_WORK REQUEST_
With the pictures left out, output the records below exactly.

========================================================================

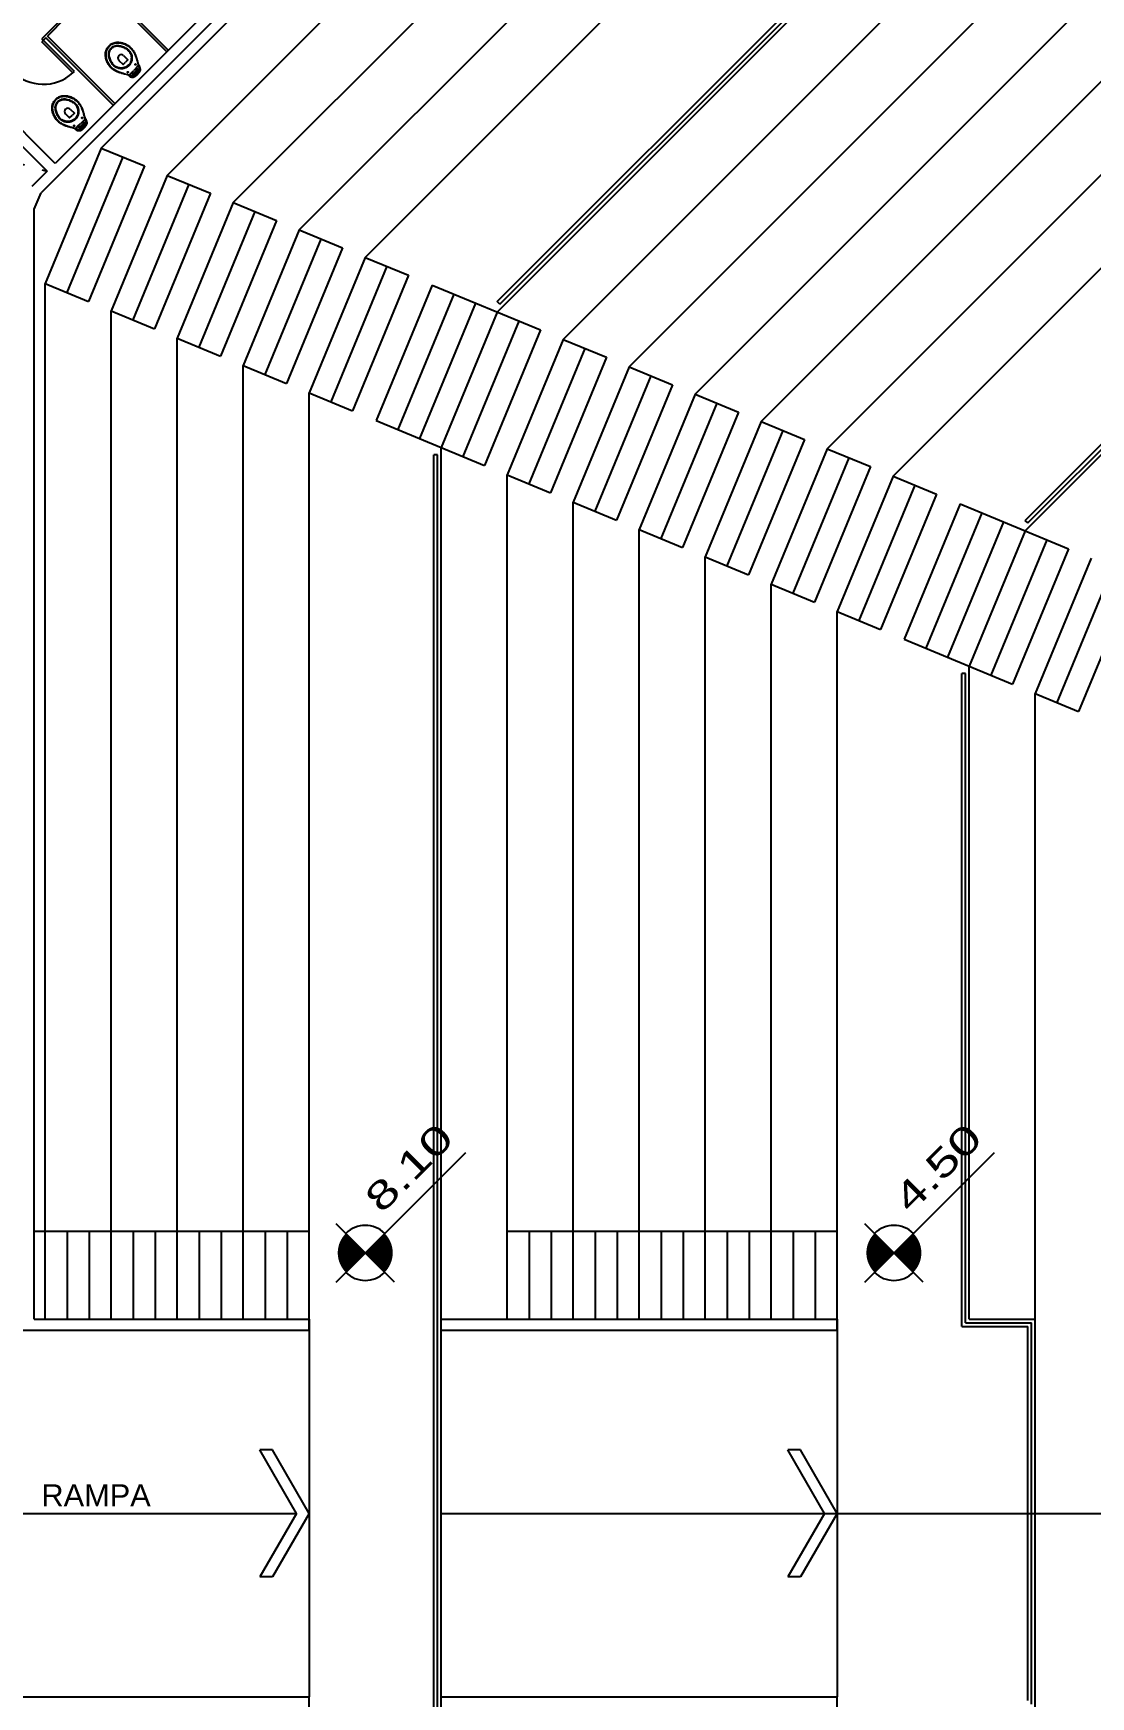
# Model space of a CAD drawing. Extents: x 964 to 1225, y -27 to 210.
# Drawn here: x 1046.77 to 1061.19, y 132.08 to 154.76 of the extents above; entities that cross this region are included whole.
import ezdxf

# ---------------------------------------------------------------- set-up
doc = ezdxf.new("R2010")
doc.units = 0
doc.header["$LTSCALE"] = 2
doc.linetypes.add('DASHDOT2', pattern=[12.7, 6.35, -3.175, 0, -3.175])
doc.linetypes.add('HIDDEN', pattern=[0.375, 0.25, -0.125])
for name, color, linetype in [('ARQUIBANCADA-ARY', 2, 'CONTINUOUS'), ('DIVISÓRIAS-ARY', 2, 'CONTINUOUS'), ('ESQUADRIA-ARY', 2, 'CONTINUOUS'), ('INDIC-CORTE-TBS', 4, 'DASHDOT2'), ('L_DECA', 7, 'CONTINUOUS'), ('NOVOSNIVEIS', 30, 'CONTINUOUS'), ('PAREDE-ALTA-ARY', 1, 'CONTINUOUS'), ('PEÇAS-SANIT-ARY', 7, 'CONTINUOUS'), ('RAMPA-INT-ARY', 7, 'CONTINUOUS'), ('RAMPA-PROJ-ARY', 7, 'HIDDEN'), ('TEXTO-PB-COR-ARY', 12, 'CONTINUOUS')]:
    doc.layers.add(name, color=color, linetype=linetype)
doc.styles.add('ARIAL', font='arial.ttf', dxfattribs={"height": 0.5})
doc.styles.add('REGUA60', font='arial.ttf')

# ---------------------------------------------------------------- blocks, each defined once
blk = doc.blocks.new('RAV10')
at = {"layer": 'L_DECA'}
blk.add_lwpolyline([(4.6, -12.9), (8.2, -12.9), (8.2, -12.9), (8.7, -13), (9.2, -13.2), (9.6, -13.5), (9.9, -14), (10.1, -14.3), (10.1, -14.3), (10.1, -14.3), (10.1, -14.3), (10.1, -14.3), (10.1, -14.3), (12.2, -18), (12.2, -18), (12.5, -18.6), (12.8, -19.1), (13.1, -19.6), (13.3, -20.1), (13.3, -20.1), (13.6, -20.6), (13.9, -21.1), (14.2, -21.5), (14.5, -22.1), (14.7, -22.6), (15, -23.1), (15.3, -23.6), (15.5, -24.1), (15.5, -24.1), (15.9, -24.8), (16.3, -25.6), (16.6, -26.3), (16.9, -27), (17.2, -27.8), (17.5, -28.6), (17.8, -29.4), (18, -30.2), (18, -30.2), (18.3, -31.4), (18.6, -32.6), (18.8, -33.9), (19, -35.2), (19.1, -36.4), (19.1, -37.7), (19.1, -39), (19, -40.3), (19, -40.3), (18.8, -41.6), (18.6, -42.9), (18.2, -44.2), (17.9, -45.5), (17.4, -46.8), (16.9, -48), (16.4, -49.3), (15.8, -50.4), (15.8, -50.4), (15.2, -51.4), (14.6, -52.3), (13.9, -53.1), (13.3, -53.9), (12.5, -54.8), (11.7, -55.5), (10.9, -56.3), (10.1, -57), (10.1, -57), (9, -57.8), (7.9, -58.5), (6.6, -59.1), (5.4, -59.6), (4.1, -60), (2.8, -60.3), (1.4, -60.4), (0, -60.5), (0, -60.5), (-1.4, -60.4), (-2.7, -60.3), (-4, -60), (-5.3, -59.6), (-6.6, -59.1), (-7.8, -58.5), (-9, -57.8), (-10.1, -57), (-10.1, -57), (-10.9, -56.3), (-11.7, -55.5), (-12.5, -54.8), (-13.2, -53.9), (-13.9, -53.1), (-14.5, -52.3), (-15.1, -51.4), (-15.7, -50.4), (-15.7, -50.4), (-16.3, -49.3), (-16.9, -48), (-17.4, -46.8), (-17.8, -45.5), (-18.2, -44.2), (-18.5, -42.9), (-18.7, -41.6), (-19, -40.3), (-19, -40.3), (-19, -39), (-19, -37.7), (-19, -36.4), (-18.9, -35.2), (-18.7, -33.9), (-18.5, -32.6), (-18.2, -31.4), (-17.9, -30.2), (-17.9, -30.2), (-17.7, -29.4), (-17.4, -28.6), (-17.1, -27.8), (-16.9, -27), (-16.6, -26.3), (-16.2, -25.6), (-15.8, -24.8), (-15.5, -24.1), (-15.5, -24.1), (-15.2, -23.6), (-15, -23.1), (-14.7, -22.6), (-14.4, -22.1), (-14.2, -21.5), (-13.9, -21.1), (-13.6, -20.6), (-13.3, -20.1), (-13.3, -20.1), (-13.1, -19.6), (-12.8, -19.1), (-12.4, -18.6), (-12.1, -18), (-10.1, -14.3), (-10.1, -14.3), (-10.1, -14.3), (-10.1, -14.3), (-10.1, -14.3), (-10.1, -14.3), (-9.8, -14), (-9.8, -14), (-9.6, -13.5), (-9.1, -13.2), (-8.6, -13), (-8.1, -12.9), (-4.5, -12.9)], dxfattribs=at)
at = {"layer": 'L_DECA', "color": 1}
for points in [[(12.2, -18), (13.3, -20.1), (13.3, -20.1), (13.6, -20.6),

========================================================================

_FINAL ANSWER_
# Model space of a CAD drawing. Extents: x 964 to 1225, y -27 to 210.
# Drawn here: x 1046.77 to 1061.19, y 132.08 to 154.76 of the extents above; entities that cross this region are included whole.
import ezdxf

# ---------------------------------------------------------------- set-up
doc = ezdxf.new("R2010")
doc.units = 0
doc.header["$LTSCALE"] = 2
doc.linetypes.add('DASHDOT2', pattern=[12.7, 6.35, -3.175, 0, -3.175])
doc.linetypes.add('HIDDEN', pattern=[0.375, 0.25, -0.125])
for name, color, linetype in [('ARQUIBANCADA-ARY', 2, 'CONTINUOUS'), ('DIVISÓRIAS-ARY', 2, 'CONTINUOUS'), ('ESQUADRIA-ARY', 2, 'CONTINUOUS'), ('INDIC-CORTE-TBS', 4, 'DASHDOT2'), ('L_DECA', 7, 'CONTINUOUS'), ('NOVOSNIVEIS', 30, 'CONTINUOUS'), ('PAREDE-ALTA-ARY', 1, 'CONTINUOUS'), ('PEÇAS-SANIT-ARY', 7, 'CONTINUOUS'), ('RAMPA-INT-ARY', 7, 'CONTINUOUS'), ('RAMPA-PROJ-ARY', 7, 'HIDDEN'), ('TEXTO-PB-COR-ARY', 12, 'CONTINUOUS')]:
    doc.layers.add(name, color=color, linetype=linetype)
doc.styles.add('ARIAL', font='arial.ttf', dxfattribs={"height": 0.5})
doc.styles.add('REGUA60', font='arial.ttf')

# ---------------------------------------------------------------- blocks, each defined once
blk = doc.blocks.new('RAV10')
at = {"layer": 'L_DECA'}
blk.add_lwpolyline([(4.6, -12.9), (8.2, -12.9), (8.2, -12.9), (8.7, -13), (9.2, -13.2), (9.6, -13.5), (9.9, -14), (10.1, -14.3), (10.1, -14.3), (10.1, -14.3), (10.1, -14.3), (10.1, -14.3), (10.1, -14.3), (12.2, -18), (12.2, -18), (12.5, -18.6), (12.8, -19.1), (13.1, -19.6), (13.3, -20.1), (13.3, -20.1), (13.6, -20.6), (13.9, -21.1), (14.2, -21.5), (14.5, -22.1), (14.7, -22.6), (15, -23.1), (15.3, -23.6), (15.5, -24.1), (15.5, -24.1), (15.9, -24.8), (16.3, -25.6), (16.6, -26.3), (16.9, -27), (17.2, -27.8), (17.5, -28.6), (17.8, -29.4), (18, -30.2), (18, -30.2), (18.3, -31.4), (18.6, -32.6), (18.8, -33.9), (19, -35.2), (19.1, -36.4), (19.1, -37.7), (19.1, -39), (19, -40.3), (19, -40.3), (18.8, -41.6), (18.6, -42.9), (18.2, -44.2), (17.9, -45.5), (17.4, -46.8), (16.9, -48), (16.4, -49.3), (15.8, -50.4), (15.8, -50.4), (15.2, -51.4), (14.6, -52.3), (13.9, -53.1), (13.3, -53.9), (12.5, -54.8), (11.7, -55.5), (10.9, -56.3), (10.1, -57), (10.1, -57), (9, -57.8), (7.9, -58.5), (6.6, -59.1), (5.4, -59.6), (4.1, -60), (2.8, -60.3), (1.4, -60.4), (0, -60.5), (0, -60.5), (-1.4, -60.4), (-2.7, -60.3), (-4, -60), (-5.3, -59.6), (-6.6, -59.1), (-7.8, -58.5), (-9, -57.8), (-10.1, -57), (-10.1, -57), (-10.9, -56.3), (-11.7, -55.5), (-12.5, -54.8), (-13.2, -53.9), (-13.9, -53.1), (-14.5, -52.3), (-15.1, -51.4), (-15.7, -50.4), (-15.7, -50.4), (-16.3, -49.3), (-16.9, -48), (-17.4, -46.8), (-17.8, -45.5), (-18.2, -44.2), (-18.5, -42.9), (-18.7, -41.6), (-19, -40.3), (-19, -40.3), (-19, -39), (-19, -37.7), (-19, -36.4), (-18.9, -35.2), (-18.7, -33.9), (-18.5, -32.6), (-18.2, -31.4), (-17.9, -30.2), (-17.9, -30.2), (-17.7, -29.4), (-17.4, -28.6), (-17.1, -27.8), (-16.9, -27), (-16.6, -26.3), (-16.2, -25.6), (-15.8, -24.8), (-15.5, -24.1), (-15.5, -24.1), (-15.2, -23.6), (-15, -23.1), (-14.7, -22.6), (-14.4, -22.1), (-14.2, -21.5), (-13.9, -21.1), (-13.6, -20.6), (-13.3, -20.1), (-13.3, -20.1), (-13.1, -19.6), (-12.8, -19.1), (-12.4, -18.6), (-12.1, -18), (-10.1, -14.3), (-10.1, -14.3), (-10.1, -14.3), (-10.1, -14.3), (-10.1, -14.3), (-10.1, -14.3), (-9.8, -14), (-9.8, -14), (-9.6, -13.5), (-9.1, -13.2), (-8.6, -13), (-8.1, -12.9), (-4.5, -12.9)], dxfattribs=at)
at = {"layer": 'L_DECA', "color": 1}
for points in [[(12.2, -18), (13.3, -20.1), (13.3, -20.1), (13.6, -20.6),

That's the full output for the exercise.